Go through the entries below and print each one exactly, leaving out pictures.
(Source data Opens)
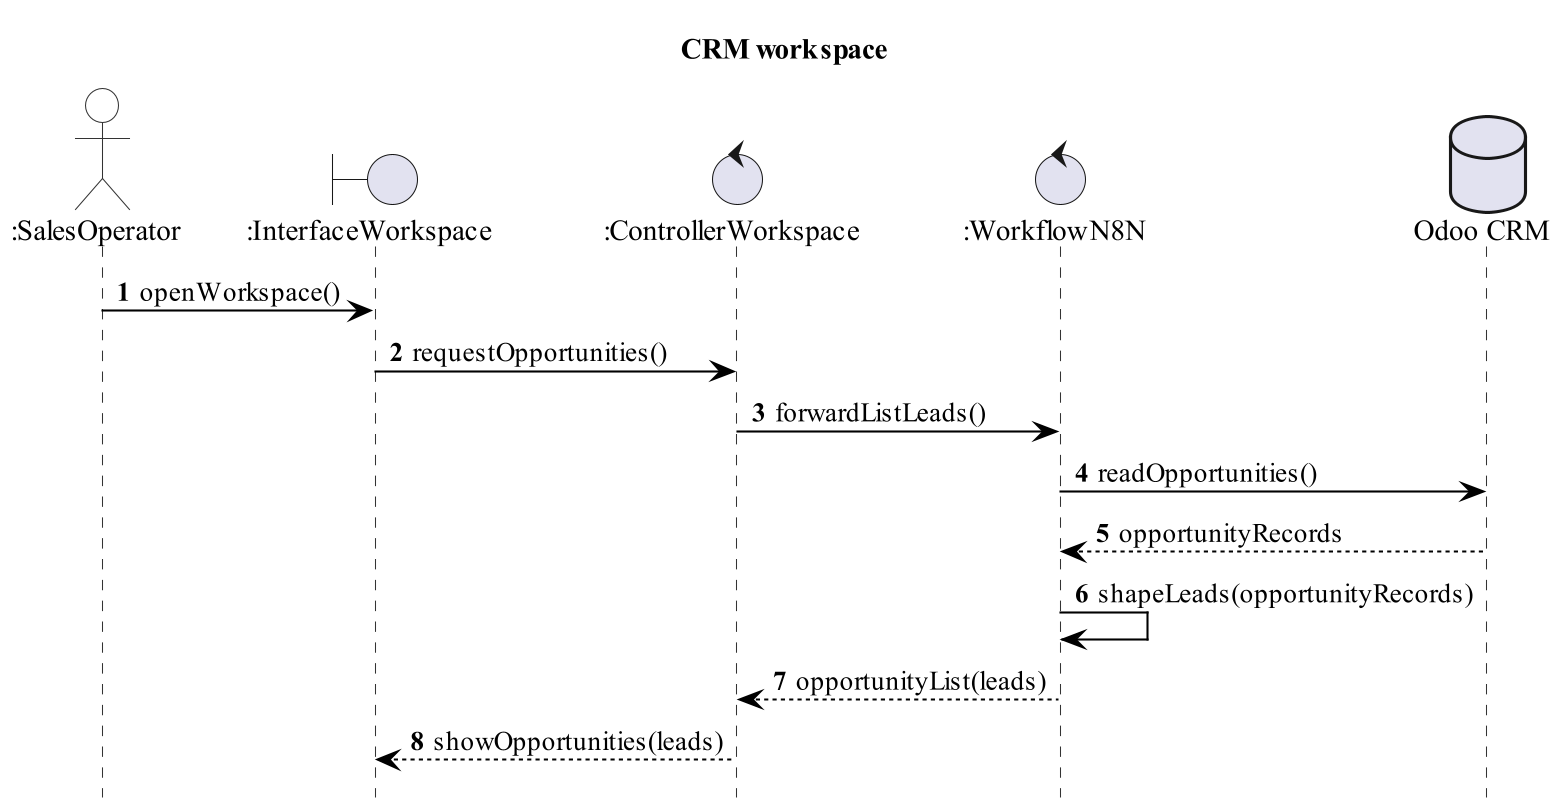

The diagram above was rendered by PlantUML. Its source (embedded in the PNG):
@startuml seq-list-leads
skinparamlocked dpi 200
' Robustness / Boundary-Control-Entity (BCE) sequence diagram.
' Visual skin kept black-and-white / Times New Roman to match the report
' (enforced by _build/restyle_seq.py); the structure follows the BCE rules.
skinparam backgroundColor transparent
skinparam shadowing false
skinparam maxMessageSize 200
skinparam defaultFontName Times New Roman
skinparam sequence {
  ArrowColor #000000
  ArrowFontColor #000000
  LifeLineBorderColor #333333
  LifeLineBackgroundColor #FFFFFF
  ParticipantBackgroundColor #FFFFFF
  ParticipantFontColor #000000
  ParticipantBorderColor #333333
  ActorBackgroundColor #FFFFFF
  ActorBorderColor #333333
  DatabaseBackgroundColor #FFFFFF
  DatabaseBorderColor #333333
}
hide footbox
autonumber
title CRM workspace

actor ":SalesOperator" as Operator
boundary ":InterfaceWorkspace" as UI
control ":ControllerWorkspace" as Workspace
control ":WorkflowN8N" as N8N
database "Odoo CRM" as Odoo

Operator -> UI : openWorkspace()
UI -> Workspace : requestOpportunities()
Workspace -> N8N : forwardListLeads()
N8N -> Odoo : readOpportunities()
Odoo --> N8N : opportunityRecords
N8N -> N8N : shapeLeads(opportunityRecords)
N8N --> Workspace : opportunityList(leads)
Workspace --> UI : showOpportunities(leads)
@enduml
(Source data Closes)
__Solution__
The diagram above was rendered by PlantUML. Its source (embedded in the PNG):
@startuml seq-list-leads
skinparamlocked dpi 200
' Robustness / Boundary-Control-Entity (BCE) sequence diagram.
' Visual skin kept black-and-white / Times New Roman to match the report
' (enforced by _build/restyle_seq.py); the structure follows the BCE rules.
skinparam backgroundColor transparent
skinparam shadowing false
skinparam maxMessageSize 200
skinparam defaultFontName Times New Roman
skinparam sequence {
  ArrowColor #000000
  ArrowFontColor #000000
  LifeLineBorderColor #333333
  LifeLineBackgroundColor #FFFFFF
  ParticipantBackgroundColor #FFFFFF
  ParticipantFontColor #000000
  ParticipantBorderColor #333333
  ActorBackgroundColor #FFFFFF
  ActorBorderColor #333333
  DatabaseBackgroundColor #FFFFFF
  DatabaseBorderColor #333333
}
hide footbox
autonumber
title CRM workspace

actor ":SalesOperator" as Operator
boundary ":InterfaceWorkspace" as UI
control ":ControllerWorkspace" as Workspace
control ":WorkflowN8N" as N8N
database "Odoo CRM" as Odoo

Operator -> UI : openWorkspace()
UI -> Workspace : requestOpportunities()
Workspace -> N8N : forwardListLeads()
N8N -> Odoo : readOpportunities()
Odoo --> N8N : opportunityRecords
N8N -> N8N : shapeLeads(opportunityRecords)
N8N --> Workspace : opportunityList(leads)
Workspace --> UI : showOpportunities(leads)
@enduml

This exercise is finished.